__AVAILABLE RECORDS__
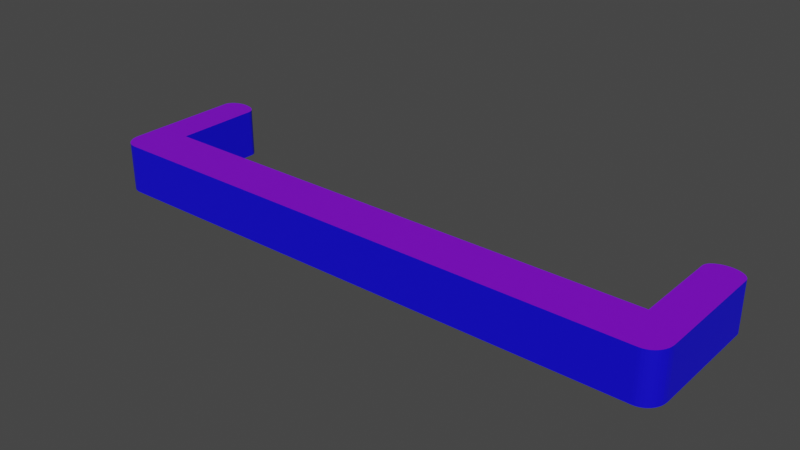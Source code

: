 # Source: bar.blend  (saved by Blender 2.92.15; exported with 4.5.12 LTS)
import bpy
from mathutils import Matrix  # noqa: F401  (used for matrix-valued properties, if any)

bpy.ops.wm.read_factory_settings(use_empty=True)
scene = bpy.context.scene
scene.name = 'Scene'

# ---- materials (node trees are filled in below, after node groups)
mat_bar = bpy.data.materials.new('bar')
mat_bar.use_transparent_shadow = False
mat_bar_top = bpy.data.materials.new('bar_top')
mat_bar_top.use_transparent_shadow = False

# ---- material node trees
mat_bar.use_nodes = True; mat_bar.node_tree.nodes.clear()
_N = mat_bar.node_tree.nodes; _L = mat_bar.node_tree.links
n0 = _N.new('ShaderNodeBsdfPrincipled'); n0.name = 'Principled BSDF'; n0.location = (10, 300)
n0.distribution = 'GGX'
n0.subsurface_method = 'BURLEY'
n0.inputs[0].default_value = (0.004108, 0.0, 0.8, 1.0)
n0.inputs[3].default_value = 1.45
n0.inputs[27].default_value = (0.0, 0.0, 0.0, 1.0)
n0.inputs[28].default_value = 1.0
n1 = _N.new('ShaderNodeOutputMaterial'); n1.name = 'Material Output'; n1.location = (300, 300)
_L.new(n0.outputs[0], n1.inputs[0])
n1.is_active_output = True
mat_bar_top.use_nodes = True; mat_bar_top.node_tree.nodes.clear()
_N = mat_bar_top.node_tree.nodes; _L = mat_bar_top.node_tree.links
n0 = _N.new('ShaderNodeBsdfPrincipled'); n0.name = 'Principled BSDF'; n0.location = (10, 300)
n0.distribution = 'GGX'
n0.subsurface_method = 'BURLEY'
n0.inputs[0].default_value = (0.2258, 0.0, 0.8, 1.0)
n0.inputs[3].default_value = 1.45
n0.inputs[27].default_value = (0.0, 0.0, 0.0, 1.0)
n0.inputs[28].default_value = 1.0
n1 = _N.new('ShaderNodeOutputMaterial'); n1.name = 'Material Output'; n1.location = (300, 300)
_L.new(n0.outputs[0], n1.inputs[0])
n1.is_active_output = True

# ---- world
world_world = bpy.data.worlds.new('World'); scene.world = world_world
world_world.use_nodes = True; world_world.node_tree.nodes.clear()
_N = world_world.node_tree.nodes; _L = world_world.node_tree.links
n0 = _N.new('ShaderNodeOutputWorld'); n0.name = 'World Output'; n0.location = (300, 300)
n1 = _N.new('ShaderNodeBackground'); n1.name = 'Background'; n1.location = (10, 300)
n1.inputs[0].default_value = (0.05088, 0.05088, 0.05088, 1.0)
_L.new(n1.outputs[0], n0.inputs[0])
n0.is_active_output = True
world_world.color = (0.05088, 0.05088, 0.05088)
world_world.use_sun_shadow = False
world_world.sun_shadow_jitter_overblur = 0.0

# ---- meshes
me_cube_002 = bpy.data.meshes.new('Cube.002')
me_cube_002.from_pydata([(-1.0, -1.0, -1.0), (-1.0, -1.0, 1.0), (-1.0, 1.0, -1.0), (-1.0, 1.0, 1.0), (1.0, 1.0, -1.0), (1.0, 1.0, 1.0), (-0.001981, 1.0, -1.0), (-0.001981, 1.0, 1.0), (-0.001981, -1.0, -1.0), (-0.001981, -1.0, 1.0), (0.499, 1.0, 1.0), (0.499, -1.0, -1.0), (0.499, 1.0, -1.0), (0.499, -1.0, 1.0), (0.7495, 1.0, 1.0), (0.7495, -1.0, -1.0), (0.7495, 1.0, -1.0), (0.7495, -1.0, 1.0), (1.0, 3.038, 1.0), (0.7495, 3.038, 1.0), (0.7495, 3.038, -1.0), (1.0, 3.038, -1.0), (1.0, 4.012, 1.0), (0.7495, 4.012, -1.0), (0.7495, 4.012, 1.0), (1.0, 4.012, -1.0), (1.0, 4.506, 1.0), (0.7495, 4.506, -1.0), (0.7495, 4.506, 1.0), (1.0, 4.506, -1.0), (0.8748, 1.0, 1.0), (0.8748, -1.0, -1.0), (0.8748, 1.0, -1.0), (0.8748, -1.0, 1.0), (0.8748, 5.0, 1.0), (0.8748, 5.0, -1.0), (0.8748, 3.038, -1.0), (0.8748, 3.038, 1.0), (0.8748, 4.012, -1.0), (0.8748, 4.012, 1.0), (0.8748, 4.506, -1.0), (0.8748, 4.506, 1.0), (0.8748, 5.0, 1.0), (0.7495, 4.506, 1.0), (0.8584, 4.996, 1.0), (0.8423, 4.983, 1.0), (0.8268, 4.962, 1.0), (0.8121, 4.934, 1.0), (0.7985, 4.898, 1.0), (0.7862, 4.855, 1.0), (0.7754, 4.807, 1.0), (0.7663, 4.753, 1.0), (0.759, 4.695, 1.0), (0.7538, 4.634, 1.0), (0.7506, 4.571, 1.0), (0.7495, 4.506, -1.0), (0.8748, 5.0, -1.0), (0.7506, 4.571, -1.0), (0.7538, 4.634, -1.0), (0.759, 4.695, -1.0), (0.7663, 4.753, -1.0), (0.7754, 4.807, -1.0), (0.7862, 4.855, -1.0), (0.7985, 4.898, -1.0), (0.8121, 4.934, -1.0), (0.8268, 4.962, -1.0), (0.8423, 4.983, -1.0), (0.8584, 4.996, -1.0), (1.0, 4.506, 1.0), (0.8748, 5.0, 1.0), (0.9985, 4.583, 1.0), (0.9939, 4.659, 1.0), (0.9863, 4.73, 1.0), (0.9761, 4.796, 1.0), (0.9633, 4.855, 1.0), (0.9484, 4.906, 1.0), (0.9316, 4.946, 1.0), (0.9135, 4.976, 1.0), (0.8943, 4.994, 1.0), (0.8748, 5.0, -1.0), (1.0, 4.506, -1.0), (0.8943, 4.994, -1.0), (0.9135, 4.976, -1.0), (0.9316, 4.946, -1.0), (0.9484, 4.906, -1.0), (0.9633, 4.855, -1.0), (0.9761, 4.796, -1.0), (0.9863, 4.73, -1.0), (0.9939, 4.659, -1.0), (0.9985, 4.583, -1.0), (1.0, -0.2114, -1.0), (0.8748, -1.0, -1.0), (0.9985, -0.3348, -1.0), (0.9939, -0.4551, -1.0), (0.9863, -0.5694, -1.0), (0.9761, -0.6749, -1.0), (0.9633, -0.769, -1.0), (0.9484, -0.8494, -1.0), (0.9316, -0.9141, -1.0), (0.9135, -0.9614, -1.0), (0.8943, -0.9903, -1.0), (0.8748, -1.0, 1.0), (1.0, -0.2114, 1.0), (0.8943, -0.9903, 1.0), (0.9135, -0.9614, 1.0), (0.9316, -0.9141, 1.0), (0.9484, -0.8494, 1.0), (0.9633, -0.769, 1.0), (0.9761, -0.6749, 1.0), (0.9863, -0.5694, 1.0), (0.9939, -0.4551, 1.0), (0.9985, -0.3348, 1.0), (-3.0, 1.0, -1.0), (-3.0, 1.0, 1.0), (-1.998, 1.0, -1.0), (-1.998, 1.0, 1.0), (-1.998, -1.0, -1.0), (-1.998, -1.0, 1.0), (-2.499, 1.0, 1.0), (-2.499, -1.0, -1.0), (-2.499, 1.0, -1.0), (-2.499, -1.0, 1.0), (-2.75, 1.0, 1.0), (-2.75, -1.0, -1.0), (-2.75, 1.0, -1.0), (-2.75, -1.0, 1.0), (-3.0, 3.038, 1.0), (-2.75, 3.038, 1.0), (-2.75, 3.038, -1.0), (-3.0, 3.038, -1.0), (-3.0, 4.012, 1.0), (-2.75, 4.012, -1.0), (-2.75, 4.012, 1.0), (-3.0, 4.012, -1.0), (-3.0, 4.506, 1.0), (-2.75, 4.506, -1.0), (-2.75, 4.506, 1.0), (-3.0, 4.506, -1.0), (-2.875, 1.0, 1.0), (-2.875, -1.0, -1.0), (-2.875, 1.0, -1.0), (-2.875, -1.0, 1.0), (-2.875, 5.0, 1.0), (-2.875, 5.0, -1.0), (-2.875, 3.038, -1.0), (-2.875, 3.038, 1.0), (-2.875, 4.012, -1.0), (-2.875, 4.012, 1.0), (-2.875, 4.506, -1.0), (-2.875, 4.506, 1.0), (-2.875, 5.0, 1.0), (-2.75, 4.506, 1.0), (-2.858, 4.996, 1.0), (-2.842, 4.983, 1.0), (-2.827, 4.962, 1.0), (-2.812, 4.934, 1.0), (-2.799, 4.898, 1.0), (-2.786, 4.855, 1.0), (-2.775, 4.807, 1.0), (-2.766, 4.753, 1.0), (-2.759, 4.695, 1.0), (-2.754, 4.634, 1.0), (-2.751, 4.571, 1.0), (-2.75, 4.506, -1.0), (-2.875, 5.0, -1.0), (-2.751, 4.571, -1.0), (-2.754, 4.634, -1.0), (-2.759, 4.695, -1.0), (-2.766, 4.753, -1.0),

__PROBLEM TO WORK ON__
Going through the material above, work out how many lines contain the string "links" and give only that figure.

__TASK OUTPUT__
3